(Information given begins)

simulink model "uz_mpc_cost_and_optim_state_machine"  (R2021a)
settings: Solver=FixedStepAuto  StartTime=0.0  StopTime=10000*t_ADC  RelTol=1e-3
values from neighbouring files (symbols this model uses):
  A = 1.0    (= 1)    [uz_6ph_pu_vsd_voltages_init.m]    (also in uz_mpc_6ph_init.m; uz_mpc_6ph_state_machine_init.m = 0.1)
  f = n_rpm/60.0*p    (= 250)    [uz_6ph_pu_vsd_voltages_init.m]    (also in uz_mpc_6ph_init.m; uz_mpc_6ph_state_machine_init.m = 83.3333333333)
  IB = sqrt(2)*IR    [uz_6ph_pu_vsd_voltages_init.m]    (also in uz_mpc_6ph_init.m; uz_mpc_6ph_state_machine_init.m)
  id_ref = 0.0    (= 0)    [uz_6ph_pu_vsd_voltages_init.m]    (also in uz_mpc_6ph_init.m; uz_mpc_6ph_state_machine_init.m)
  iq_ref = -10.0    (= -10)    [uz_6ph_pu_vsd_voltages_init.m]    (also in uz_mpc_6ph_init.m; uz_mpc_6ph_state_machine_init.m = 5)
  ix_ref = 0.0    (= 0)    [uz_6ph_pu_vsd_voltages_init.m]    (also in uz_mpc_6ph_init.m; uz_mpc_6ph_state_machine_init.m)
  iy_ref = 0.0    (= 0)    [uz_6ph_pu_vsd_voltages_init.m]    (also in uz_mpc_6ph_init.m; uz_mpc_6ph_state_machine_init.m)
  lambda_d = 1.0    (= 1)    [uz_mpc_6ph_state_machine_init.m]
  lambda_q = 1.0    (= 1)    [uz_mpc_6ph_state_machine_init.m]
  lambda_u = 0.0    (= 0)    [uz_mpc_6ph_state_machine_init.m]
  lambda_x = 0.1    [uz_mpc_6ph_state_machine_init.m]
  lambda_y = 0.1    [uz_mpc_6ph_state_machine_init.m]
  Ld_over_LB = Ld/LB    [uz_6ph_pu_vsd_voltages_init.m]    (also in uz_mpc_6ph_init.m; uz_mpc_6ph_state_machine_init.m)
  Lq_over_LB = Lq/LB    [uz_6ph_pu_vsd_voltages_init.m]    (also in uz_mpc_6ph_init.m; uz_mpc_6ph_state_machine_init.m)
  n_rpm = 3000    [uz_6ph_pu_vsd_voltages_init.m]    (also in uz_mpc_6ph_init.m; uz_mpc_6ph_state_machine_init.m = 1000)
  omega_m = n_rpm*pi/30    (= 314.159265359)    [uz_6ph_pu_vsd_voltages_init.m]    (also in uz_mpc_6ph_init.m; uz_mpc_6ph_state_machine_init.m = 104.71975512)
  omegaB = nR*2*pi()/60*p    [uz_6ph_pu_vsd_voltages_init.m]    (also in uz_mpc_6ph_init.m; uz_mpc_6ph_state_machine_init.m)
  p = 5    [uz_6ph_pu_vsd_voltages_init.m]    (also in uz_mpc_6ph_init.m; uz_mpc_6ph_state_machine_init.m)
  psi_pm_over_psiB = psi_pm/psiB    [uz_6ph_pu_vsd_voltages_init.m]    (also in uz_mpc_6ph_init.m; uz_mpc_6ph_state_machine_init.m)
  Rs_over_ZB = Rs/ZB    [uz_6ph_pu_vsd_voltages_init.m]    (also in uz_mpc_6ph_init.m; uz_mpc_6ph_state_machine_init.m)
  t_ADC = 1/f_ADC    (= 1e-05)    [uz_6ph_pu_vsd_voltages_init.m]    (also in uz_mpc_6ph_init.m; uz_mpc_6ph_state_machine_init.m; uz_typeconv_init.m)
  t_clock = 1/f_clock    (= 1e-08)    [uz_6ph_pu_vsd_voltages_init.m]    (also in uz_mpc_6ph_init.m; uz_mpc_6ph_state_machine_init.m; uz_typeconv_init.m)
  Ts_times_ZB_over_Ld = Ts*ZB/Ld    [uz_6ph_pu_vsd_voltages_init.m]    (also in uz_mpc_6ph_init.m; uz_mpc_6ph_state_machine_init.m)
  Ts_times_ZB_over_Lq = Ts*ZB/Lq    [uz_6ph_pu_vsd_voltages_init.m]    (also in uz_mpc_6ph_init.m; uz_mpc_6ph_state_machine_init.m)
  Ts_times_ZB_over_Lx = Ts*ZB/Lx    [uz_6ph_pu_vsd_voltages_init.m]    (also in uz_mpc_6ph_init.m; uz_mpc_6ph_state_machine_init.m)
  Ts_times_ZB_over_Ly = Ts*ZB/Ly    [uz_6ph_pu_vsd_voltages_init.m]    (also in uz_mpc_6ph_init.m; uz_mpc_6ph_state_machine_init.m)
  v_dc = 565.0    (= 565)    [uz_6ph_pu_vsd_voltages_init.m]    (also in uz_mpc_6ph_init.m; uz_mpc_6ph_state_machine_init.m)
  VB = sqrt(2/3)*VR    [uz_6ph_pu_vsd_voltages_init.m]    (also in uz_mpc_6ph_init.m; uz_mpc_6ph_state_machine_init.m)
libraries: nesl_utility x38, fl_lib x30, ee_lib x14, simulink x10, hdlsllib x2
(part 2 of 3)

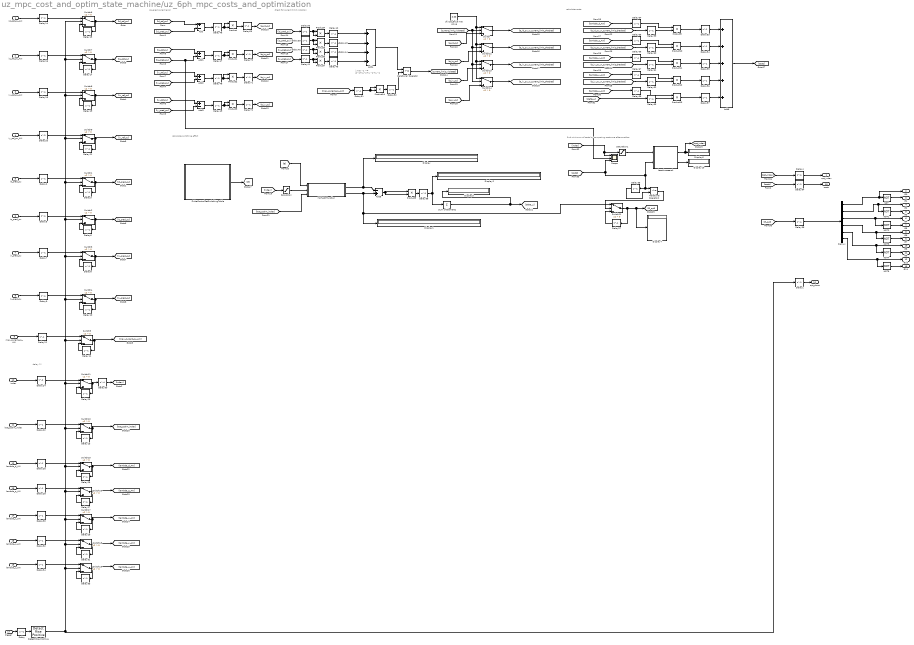
== system uz_mpc_cost_and_optim_state_machine/uz_6ph_mpc_costs_and_optimization ==
  note: delay 2 !
  note: i_max^2 <= id^2+iq^2+ix^2+iy^2
  note: find minimum of costs by comparing costs one after another
  note: calculate costs
  note: calculate switching effort
  note: check for current limit violation
  note: squared current error
  id_ref_pu_AXI : Inport
  iq_ref_pu_AXI : Inport  Port=2
  ix_ref_pu_AXI : Inport  Port=3
  iy_ref_pu_AXI : Inport  Port=4
  id_pred_pu : Inport  Port=5
  iq_pred_pu : Inport  Port=6
  ix_pred_pu : Inport  Port=7
  iy_pred_pu : Inport  Port=8
  max_current_pu_AXI : Inport  Port=9
  index : Inport  Port=10
  last_optim_index : Inport  Port=11
  lambda_d_AXI : Inport  Port=12
  lambda_q_AXI : Inport  Port=13
  lambda_x_AXI : Inport  Port=14
  lambda_y_AXI : Inport  Port=15
  lambda_u_AXI : Inport  Port=16
  trigger : Inport  Port=17
  Add{,1..3} (4 alike) : Sum  Inputs=+-
  Add4 : Sum  Inputs=++++  AccumDataTypeStr=fixdt_type_squared_current_error
  Add5 : Sum  Inputs=-+
  Add6 : Sum  Inputs=+++++  AccumDataTypeStr=fixdt_type_delta_u_costs
  Delay{,1..12,14..21,25..34,36,38..49,51..72,94} (67 alike) : Delay  DelayLength=1
  Delay13 : Delay  DelayLength=1  InitialCondition=1
  Delay22 : Delay  DelayLength=1  InitialCondition=1
  Delay23 : Delay  DelayLength=1  InitialCondition=1
  Delay24 : Delay  InitialCondition=1
  Delay35 : Delay  DelayLength=1  InitialCondition=4.99
  Delay37 : Delay  DelayLength=1  InitialCondition=0
  Delay50 : Delay  DelayLength=4  InitialCondition=1
  Demux : Demux  Outputs=6
  Detect Rise Positive : simulink/Logic and Bit Operations/Detect Rise Positive  vinit=0  OutDataTypeStr=boolean
  Display{,1..3,6..7,10} (7 alike) : Display
  FiniteControlSetSwitchingTable : MATLAB Function  TreatAsAtomicUnit=on
  MATLAB Function : MATLAB Function  TreatAsAtomicUnit=on
  NOT{,1..5} (6 alike) : Logic  Operator=NOT  IconShape=distinctive  AllPortsSameDT=off  OutDataTypeStr=boolean
  Product{,1..7,9..12,14} (13 alike) : Product  OutDataTypeStr=fixdt_type_squared_current_error
  Product13 : Product  OutDataTypeStr=fixdt_type_delta_u_costs
  Product8 : Product  OutDataTypeStr=uint16
  Relational Operator : RelationalOperator  OutDataTypeStr=boolean  RndMeth=Simplest
  Relational Operator1 : RelationalOperator  Operator=<=  OutDataTypeStr=boolean  RndMeth=Simplest
  Saturation : Saturate  UpperLimit=64  LowerLimit=1
  Saturation1 : Saturate  UpperLimit=64  LowerLimit=1
  Scope : Scope  NumInputPorts=3
  Sum of Elements : Sum  Inputs=+  AccumDataTypeStr=uint16
  Switch{,1..19,21} (21 alike) : Switch  Criteria=u2 > Threshold
  iterativesearch : MATLAB Function  TreatAsAtomicUnit=on
  sfix18_En15 max value : Constant  Value=3.99  OutDataTypeStr=fixdt(1,18,15)  SampleTime=-1
  opt_index : Outport  VectorParamsAs1DForOutWhenUnconnected=off
  G0 : Outport  Port=2  VectorParamsAs1DForOutWhenUnconnected=off
  G1 : Outport  Port=3  VectorParamsAs1DForOutWhenUnconnected=off
  G2 : Outport  Port=4  VectorParamsAs1DForOutWhenUnconnected=off
  G3 : Outport  Port=5  VectorParamsAs1DForOutWhenUnconnected=off
  G4 : Outport  Port=6  VectorParamsAs1DForOutWhenUnconnected=off
  G5 : Outport  Port=7  VectorParamsAs1DForOutWhenUnconnected=off
  G6 : Outport  Port=8  VectorParamsAs1DForOutWhenUnconnected=off
  G7 : Outport  Port=9  VectorParamsAs1DForOutWhenUnconnected=off
  G8 : Outport  Port=10  VectorParamsAs1DForOutWhenUnconnected=off
  G9 : Outport  Port=11  VectorParamsAs1DForOutWhenUnconnected=off
  G10 : Outport  Port=12  VectorParamsAs1DForOutWhenUnconnected=off
  G11 : Outport  Port=13  VectorParamsAs1DForOutWhenUnconnected=off
  opt_done : Outport  Port=14  VectorParamsAs1DForOutWhenUnconnected=off
  costs : Outport  Port=15  VectorParamsAs1DForOutWhenUnconnected=off
  wires:
  trigger/1 -> Delay/1
  Delay/1 -> Detect Rise Positive/1
  Delay1/1 -> opt_done/1
  Delay4/1 -> opt_index/1
  Switch9/1 -> [iy_ref_pu], Delay21/1
  Delay17/1 -> Switch7/3
  id_ref_pu_AXI/1 -> Delay14/1
  Delay18/1 -> Switch8/1
  Switch8/1 -> [ix_ref_pu], Delay19/1
  Delay21/1 -> Switch9/3
  Switch7/1 -> [iq_ref_pu], Delay17/1
  iy_ref_pu_AXI/1 -> Delay20/1
  iq_ref_pu_AXI/1 -> Delay16/1
  Delay16/1 -> Switch7/1
  Delay19/1 -> Switch8/3
  Delay20/1 -> Switch9/1
  Delay15/1 -> Switch6/3
  Switch6/1 -> [id_ref_pu], Delay15/1
  ix_ref_pu_AXI/1 -> Delay18/1
  Delay14/1 -> Switch6/1
  Switch1/1 -> [id_pred_pu], Delay3/1
  ix_pred_pu/1 -> Delay7/1
  Delay9/1 -> Switch4/1
  Delay2/1 -> Switch1/1
  Delay8/1 -> Switch3/3
  Delay5/1 -> Switch2/1
  iy_pred_pu/1 -> Delay9/1
  iq_pred_pu/1 -> Delay5/1
  Switch3/1 -> Delay8/1, [ix_pred_pu]
  Delay10/1 -> Switch4/3
  Switch2/1 -> [iq_pred_pu], Delay6/1
  Delay7/1 -> Switch3/1
  Switch4/1 -> [iy_pred_pu], Delay10/1
  Delay6/1 -> Switch2/3
  Delay3/1 -> Switch1/3
  id_pred_pu/1 -> Delay2/1
  max_current_pu_AXI/1 -> Delay12/1
  Delay12/1 -> Switch5/1
  Delay11/1 -> Switch5/3
  Switch5/1 -> [max_current_pu_AXI], Delay11/1
  last_optim_index/1 -> Delay22/1
  Delay22/1 -> Switch10/1
  Delay13/1 -> Switch10/3
  Switch10/1 -> [last_optim_index], Delay13/1
  FiniteControlSetSwitchingTable/1(G) -> [G]
  Delay24/1 -> Switch11/1
  index/1 -> Delay24/1
  Delay23/1 -> Switch11/3
  Switch11/1 -> Delay50/1, Delay23/1
  [e_id_pu] -> Switch/3
  [current_limit_violated] -> Switch13/2, Switch14/2, Switch12/2, Switch/2
  [e_iq_pu] -> Switch12/3
  [e_ix_pu] -> Switch13/3
  sfix18_En15 max value/1 -> Switch/1, Switch14/1, Switch13/1, Switch12/1
  [e_iy_pu] -> Switch14/3
  [G] -> MATLAB Function/1(in)
  Delay26/1 -> Switch15/1
  Delay25/1 -> Switch15/3
  Switch15/1 -> [lambda_d_AXI], Delay25/1
  lambda_d_AXI/1 -> Delay26/1
  lambda_q_AXI/1 -> Delay28/1
  Delay28/1 -> Switch16/1
  Switch16/1 -> [lambda_q_AXI], Delay27/1
  Delay27/1 -> Switch16/3
  lambda_y_AXI/1 -> Delay32/1
  Switch18/1 -> [lambda_y_AXI], Delay31/1
  Delay31/1 -> Switch18/3
  Delay32/1 -> Switch18/1
  lambda_x_AXI/1 -> Delay30/1
  Delay30/1 -> Switch17/1
  Switch17/1 -> [lambda_x_AXI], Delay29/1
  Delay29/1 -> Switch17/3
  Delay33/1 -> Switch19/3
  Switch19/1 -> [lambda_u_AXI], Delay33/1
  lambda_u_AXI/1 -> Delay34/1
  Delay34/1 -> Switch19/1
  [opt_index] -> Delay4/1
  Delay38/1 -> Demux/1
  Add4/1 -> Relational Operator/1
  NOT/1 -> G1/1
  Demux/1 -> G0/1, NOT/1
  NOT5/1 -> G11/1
  NOT4/1 -> G9/1
  NOT3/1 -> G7/1
  NOT2/1 -> G5/1
  NOT1/1 -> G3/1
  Demux/2 -> NOT1/1, G2/1
  Demux/3 -> NOT2/1, G4/1
  Demux/4 -> NOT3/1, G6/1
  Demux/5 -> NOT4/1, G8/1
  Demux/6 -> NOT5/1, G10/1
  Product8/1 -> Delay58/1
  Sum of Elements/1 -> [delta_u], Display3/1
  Add5/1 -> Product8/1, Product8/2
  MATLAB Function/1(G_next) -> Display/1, Add5/1
  Product9/1 -> Delay53/1
  Product10/1 -> Delay54/1
  Product11/1 -> Delay55/1
  Product12/1 -> Delay56/1
  Product13/1 -> Delay57/1
  Add6/1 -> [costs]
  [lambda_d_AXI] -> Delay64/1
  [lambda_q_AXI] -> Delay65/1
  [lambda_x_AXI] -> Delay66/1
  [lambda_y_AXI] -> Delay67/1
  [lambda_u_AXI] -> Delay68/1
  [delta_u] -> Delay63/1
  [e_id_pu_w_current_limit_checked] -> Delay59/1
  [e_iy_pu_w_current_limit_checked] -> Delay62/1
  [e_ix_pu_w_current_limit_checked] -> Delay61/1
  [e_iq_pu_w_current_limit_checked] -> Delay60/1
  [id_ref_pu] -> Add/1
  [id_pred_pu] -> Add/2
  [iq_pred_pu] -> Scope/2, Add1/2
  [iq_ref_pu] -> Add1/1
  [ix_ref_pu] -> Add2/1
  [ix_pred_pu] -> Add2/2
  [iy_ref_pu] -> Add3/1
  [iy_pred_pu] -> Add3/2
  Add3/1 -> Delay49/1
  Add1/1 -> Delay47/1
  Add2/1 -> Delay48/1
  Add/1 -> Delay46/1
  Product3/1 -> Delay72/1
  Product2/1 -> Delay71/1
  Product1/1 -> Delay70/1
  Product/1 -> Delay69/1
  Product4/1 -> Delay42/1
  Product5/1 -> Delay43/1
  Product6/1 -> Delay44/1
  Product7/1 -> Delay45/1
  [id_pred_pu] -> Delay36/1
  [iq_pred_pu] -> Delay39/1
  [ix_pred_pu] -> Delay40/1
  [iy_pred_pu] -> Delay41/1
  Relational Operator/1 -> [current_limit_violated]
  Switch14/1 -> [e_iy_pu_w_current_limit_checked]
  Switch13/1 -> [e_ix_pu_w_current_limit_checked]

(Information given ends)

▶ _Exercise requirements_: Please give again the lines above between the line holding "uz_mpc_6ph_state_machine_init.m = 0.1)" and the line holding "omega_m = n_rpm*pi/30", inclusive, exactly as they are and with nothing added.

▶ _Exercise answer_:
  A = 1.0    (= 1)    [uz_6ph_pu_vsd_voltages_init.m]    (also in uz_mpc_6ph_init.m; uz_mpc_6ph_state_machine_init.m = 0.1)
  f = n_rpm/60.0*p    (= 250)    [uz_6ph_pu_vsd_voltages_init.m]    (also in uz_mpc_6ph_init.m; uz_mpc_6ph_state_machine_init.m = 83.3333333333)
  IB = sqrt(2)*IR    [uz_6ph_pu_vsd_voltages_init.m]    (also in uz_mpc_6ph_init.m; uz_mpc_6ph_state_machine_init.m)
  id_ref = 0.0    (= 0)    [uz_6ph_pu_vsd_voltages_init.m]    (also in uz_mpc_6ph_init.m; uz_mpc_6ph_state_machine_init.m)
  iq_ref = -10.0    (= -10)    [uz_6ph_pu_vsd_voltages_init.m]    (also in uz_mpc_6ph_init.m; uz_mpc_6ph_state_machine_init.m = 5)
  ix_ref = 0.0    (= 0)    [uz_6ph_pu_vsd_voltages_init.m]    (also in uz_mpc_6ph_init.m; uz_mpc_6ph_state_machine_init.m)
  iy_ref = 0.0    (= 0)    [uz_6ph_pu_vsd_voltages_init.m]    (also in uz_mpc_6ph_init.m; uz_mpc_6ph_state_machine_init.m)
  lambda_d = 1.0    (= 1)    [uz_mpc_6ph_state_machine_init.m]
  lambda_q = 1.0    (= 1)    [uz_mpc_6ph_state_machine_init.m]
  lambda_u = 0.0    (= 0)    [uz_mpc_6ph_state_machine_init.m]
  lambda_x = 0.1    [uz_mpc_6ph_state_machine_init.m]
  lambda_y = 0.1    [uz_mpc_6ph_state_machine_init.m]
  Ld_over_LB = Ld/LB    [uz_6ph_pu_vsd_voltages_init.m]    (also in uz_mpc_6ph_init.m; uz_mpc_6ph_state_machine_init.m)
  Lq_over_LB = Lq/LB    [uz_6ph_pu_vsd_voltages_init.m]    (also in uz_mpc_6ph_init.m; uz_mpc_6ph_state_machine_init.m)
  n_rpm = 3000    [uz_6ph_pu_vsd_voltages_init.m]    (also in uz_mpc_6ph_init.m; uz_mpc_6ph_state_machine_init.m = 1000)
  omega_m = n_rpm*pi/30    (= 314.159265359)    [uz_6ph_pu_vsd_voltages_init.m]    (also in uz_mpc_6ph_init.m; uz_mpc_6ph_state_machine_init.m = 104.71975512)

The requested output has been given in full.